Hence, it is useful to provide opportunities for counseling and support in various aspects of student life, especially at the beginning of college life. The stresses begin at the outset of a college career, so early recognition is useful to plan for when it comes to student health, campus life, and academic settings.

It’s not altogether clear to me that effective interventions can be guaranteed without the contributions of professionals, but peer support and other sources of assistance are likely to be valuable on campus as well.

Screenings through health services of general and psychological health, as well as information about health prior to college, can be useful, of course.

Interviews or well-supported, clinically-reliable questionnaires may be important to identify those who are at some risk.

By estimating stress and psychological distress factors acknowledged by individuals as important and registering an impact on them, these tactics can help college personnel identify people who are at greater risk.

Also, in a campus setting, there is much opportunity to observe and monitor how students are doing.

Consider what may be learned through academic performance, for example. Careful research, designed to answer the questions required to find the keys to early identification, has promise in achieving relevant useful ends.

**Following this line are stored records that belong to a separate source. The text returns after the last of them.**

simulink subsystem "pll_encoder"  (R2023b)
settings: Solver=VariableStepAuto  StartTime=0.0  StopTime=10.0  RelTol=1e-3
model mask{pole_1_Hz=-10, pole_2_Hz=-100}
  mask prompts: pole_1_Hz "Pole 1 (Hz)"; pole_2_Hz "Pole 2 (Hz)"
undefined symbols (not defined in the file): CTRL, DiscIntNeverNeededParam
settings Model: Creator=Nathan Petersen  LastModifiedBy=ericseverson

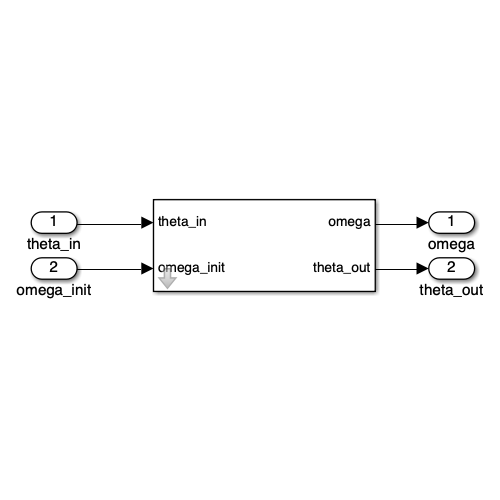
[thumbnail: Simulink's stored preview of the top-level diagram]
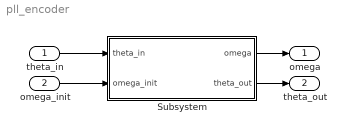
== system pll_encoder ==
  theta_in : Inport
  omega_init : Inport  Port=2
  Subsystem : Subsystem  mask{pole_1_Hz=-10, pole_2_Hz=-100}
      mask prompts: pole_1_Hz "Pole 1 (Hz)"; pole_2_Hz "Pole 2 (Hz)"
      mask DialogControl DescTextVar Prompt: Implements typical continuous-time PLL as approximate discrete-time version vased on backwards Euler integration. <br> <br> Tune by specifying the location of 2 poles in continuous-time left-half plane.
      mask DialogControl ParametersLabel Prompt: Parameters
  omega : Outport
  theta_out : Outport  Port=2
  wires:
  theta_in/1 -> Subsystem/1(theta_in)
  omega_init/1 -> Subsystem/2(omega_init)
  Subsystem/1(omega) -> omega/1
  Subsystem/2(theta_out) -> theta_out/1

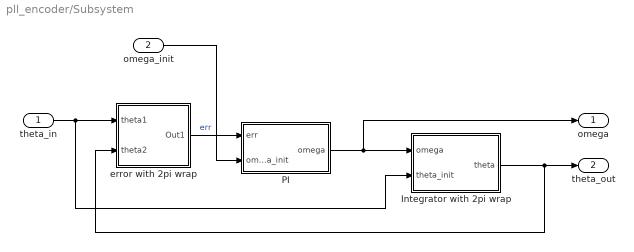
== system pll_encoder/Subsystem ==
  theta_in : Inport
  omega_init : Inport  Port=2
  Integrator with 2pi wrap : Subsystem
  PI : Subsystem
  error with 2pi wrap : Subsystem
  omega : Outport
  theta_out : Outport  Port=2
  wires:
  theta_in/1 -> error with 2pi wrap/1(theta1), Integrator with 2pi wrap/2(theta_init)
  omega_init/1 -> PI/2(omega_init)
  PI/1(omega) -> omega/1, Integrator with 2pi wrap/1(omega)
  error with 2pi wrap/1(Out1) -> PI/1(err)  "err"
  Integrator with 2pi wrap/1(theta) -> theta_out/1, error with 2pi wrap/2(theta2)

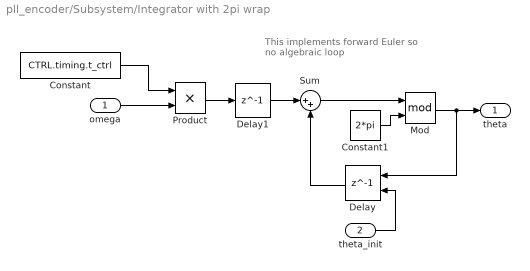
== system pll_encoder/Subsystem/Integrator with 2pi wrap ==
  note: This implements forward Euler so no algebraic loop
  omega : Inport
  theta_init : Inport  Port=2
  Constant : Constant  Value=CTRL.timing.t_ctrl
  Constant1 : Constant  Value=2*pi
  Delay : Delay  DelayLength=1  InitialConditionSource=Input port
      settings: InputPortMap=u0,p4
  Delay1 : Delay  DelayLength=1
  Mod : Math  Operator=mod
  Product : Product
  Sum : Sum  Inputs=|++
  theta : Outport
  wires:
  theta_init/1 -> Delay/2
  Delay1/1 -> Sum/1
  Mod/1 -> theta/1, Delay/1
  Sum/1 -> Mod/1
  Constant1/1 -> Mod/2
  Delay/1 -> Sum/2
  Product/1 -> Delay1/1
  Constant/1 -> Product/1
  omega/1 -> Product/2

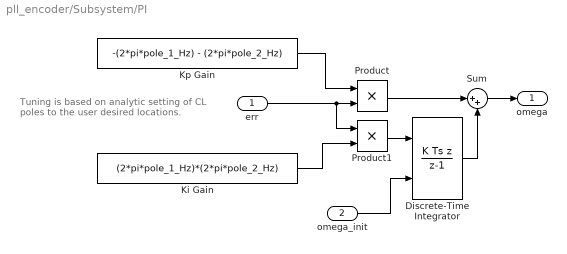
== system pll_encoder/Subsystem/PI ==
  note: Tuning is based on analytic setting of CL poles to the user desired locations.
  err : Inport
  omega_init : Inport  Port=2
  Discrete-Time Integrator : DiscreteIntegrator  IntegratorMethod=Integration: Backward Euler  InitialConditionSource=external  SampleTime=-1  ICPrevOutput=DiscIntNeverNeededParam  ICPrevScaledInput=DiscIntNeverNeededParam
  Ki Gain : Constant  Value=(2*pi*pole_1_Hz)*(2*pi*pole_2_Hz)
  Kp Gain : Constant  Value=-(2*pi*pole_1_Hz) - (2*pi*pole_2_Hz)
  Product : Product
  Product1 : Product
  Sum : Sum  Inputs=|++
  omega : Outport
  wires:
  omega_init/1 -> Discrete-Time Integrator/2
  Discrete-Time Integrator/1 -> Sum/2
  Product1/1 -> Discrete-Time Integrator/1
  Ki Gain/1 -> Product1/2
  Kp Gain/1 -> Product/1
  Product/1 -> Sum/1
  err/1 -> Product/2, Product1/1
  Sum/1 -> omega/1

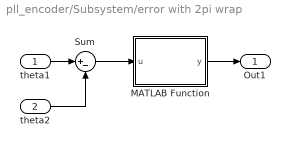
== system pll_encoder/Subsystem/error with 2pi wrap ==
  theta1 : Inport
  theta2 : Inport  Port=2
  MATLAB Function : MATLAB Function  TreatAsAtomicUnit=on
  Sum : Sum  Inputs=|+-
  Out1 : Outport
  wires:
  theta2/1 -> Sum/2
  MATLAB Function/1(y) -> Out1/1
  Sum/1 -> MATLAB Function/1(u)
  theta1/1 -> Sum/1

== matlab function pll_encoder/Subsystem/error with 2pi wrap/MATLAB Function ==
  data: u input; y output
function y = fcn(u)

y = u;

if y > pi
    y = y - 2*pi;
end

if y < -pi
    y = y + 2*pi;
end

There is so much information of course to be learned in this area — we are at an early stage in this set of endeavors.

MCQ: What are some of the strategies that are working in this area?

TM: One of the innovations that started overseas and is coming here now is programming that is referred to as “first-episode psychosis.”

It is getting people in early through a network of associations like teachers, pastors, and parents.

We’re going to start something similar here in Massachusetts. The challenge is: How do you get people in, and once you do, what do you do to help them by getting them into the proper diagnostic categories?

These are young people who may or may not have schizophrenia. They may have other disorders. This is a model that works for bipolar disorder, which is by far more prevalent.

The first episode programming assumes there are multi-components — that you will need a variety of evidence-based supports to make it work — from medication and psychiatric assistance, vocational and educational assistance, and other supports that keep people on the train. One of the most useful components to this, especially for kids who are pretty young, is what’s called “family psycho education.”

This brings family members together to learn how to problem solve, educate themselves about illness, and learn how to be most helpful. For many families, useful teaching may be about insurance and navigating the systems of care provided to those with mental illness.
It may also be a critical factor in shoring up confidence.

MCQ: What are the ongoing challenges?

TM: The biggest problem, which is related to everything we talked about today, is removing stigma from the equation. If the master quest is to understand what’s going on with people as early as you can and to get them the help that they need as quickly as you can, we must confront the fact that stigma continues to be a barrier.

Stigma affects the individual with mental symptoms in many ways.

Fear of stigma in young people at risk may dishearten those who are seeking help, make them withdraw socially, and ultimately not get help. And it may make them feel ashamed, isolated, and discouraged. Parents and other relatives may also become affected by stigma.
Stigma is a disgrace and reflects on us all.